• PROBLEM TO WORK ON: Could you repeat every line below exactly, skipping the images?

• Dataset records:
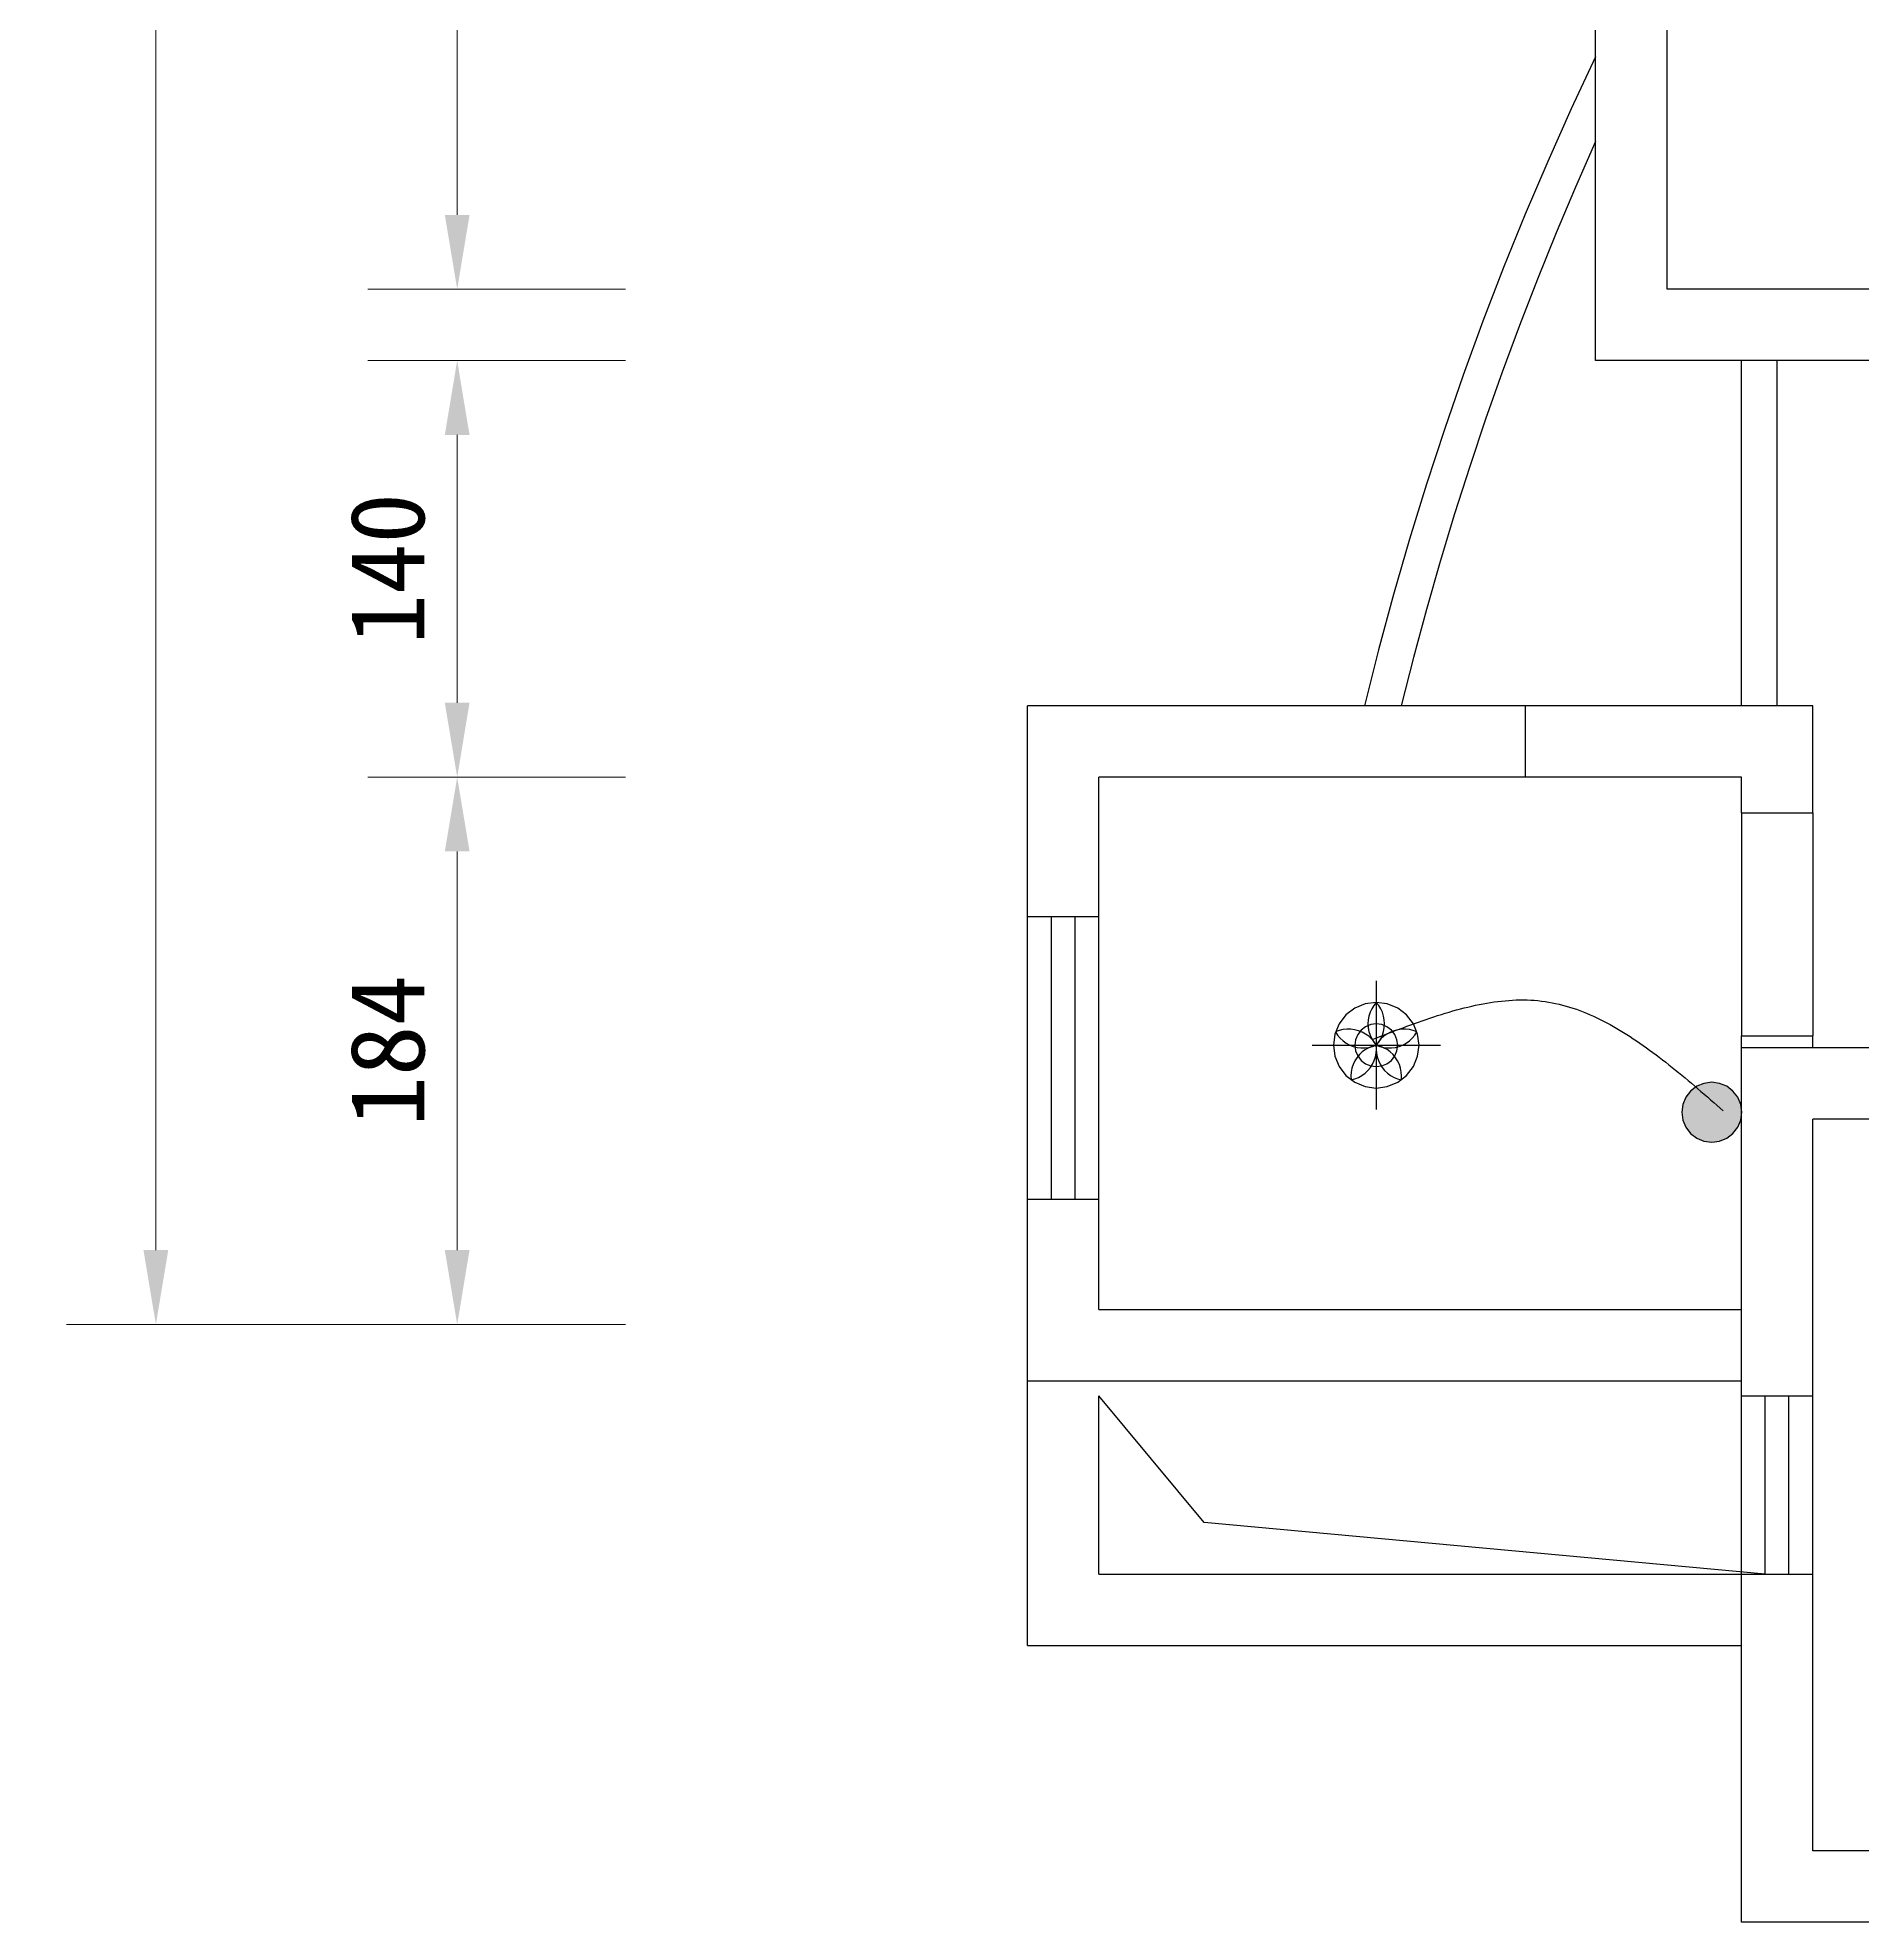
# Model space of a CAD drawing. Header units: centimetres. Extents: x 1966 to 8787, y 7398 to 12383.
# Drawn here: x 1966 to 2579, y 8679 to 9313 of the extents above; entities that cross this region are included whole.
import ezdxf

# ---------------------------------------------------------------- set-up
doc = ezdxf.new("R2010")
doc.units = ezdxf.units.CM
doc.header["$PDMODE"] = 35
doc.styles.add('文2.5', font='kaiu.ttf', dxfattribs={"height": 2.5})
doc.dimstyles.new('DIM2.5', dxfattribs={"dimtxt": 2.5, "dimasz": 2.5, "dimexe": 3, "dimexo": 1, "dimgap": 1, "dimtad": 1, "dimdec": 1, "dimdsep": 46, "dimtxsty": '文2.5', "dimcen": 0, "dimadec": 0, "dimazin": 0, "dimtfac": 1, "dimtdec": 1, "dimtmove": 0, "dimatfit": 3, "dimfxl": 1, "dimlwd": 15, "dimlwe": 15, "dimarcsym": 0})

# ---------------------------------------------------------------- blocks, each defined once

• ANSWER BELOW:
# Model space of a CAD drawing. Header units: centimetres. Extents: x 1966 to 8787, y 7398 to 12383.
# Drawn here: x 1966 to 2579, y 8679 to 9313 of the extents above; entities that cross this region are included whole.
import ezdxf

# ---------------------------------------------------------------- set-up
doc = ezdxf.new("R2010")
doc.units = ezdxf.units.CM
doc.header["$PDMODE"] = 35
doc.styles.add('文2.5', font='kaiu.ttf', dxfattribs={"height": 2.5})
doc.dimstyles.new('DIM2.5', dxfattribs={"dimtxt": 2.5, "dimasz": 2.5, "dimexe": 3, "dimexo": 1, "dimgap": 1, "dimtad": 1, "dimdec": 1, "dimdsep": 46, "dimtxsty": '文2.5', "dimcen": 0, "dimadec": 0, "dimazin": 0, "dimtfac": 1, "dimtdec": 1, "dimtmove": 0, "dimatfit": 3, "dimfxl": 1, "dimlwd": 15, "dimlwe": 15, "dimarcsym": 0})

# ---------------------------------------------------------------- blocks, each defined once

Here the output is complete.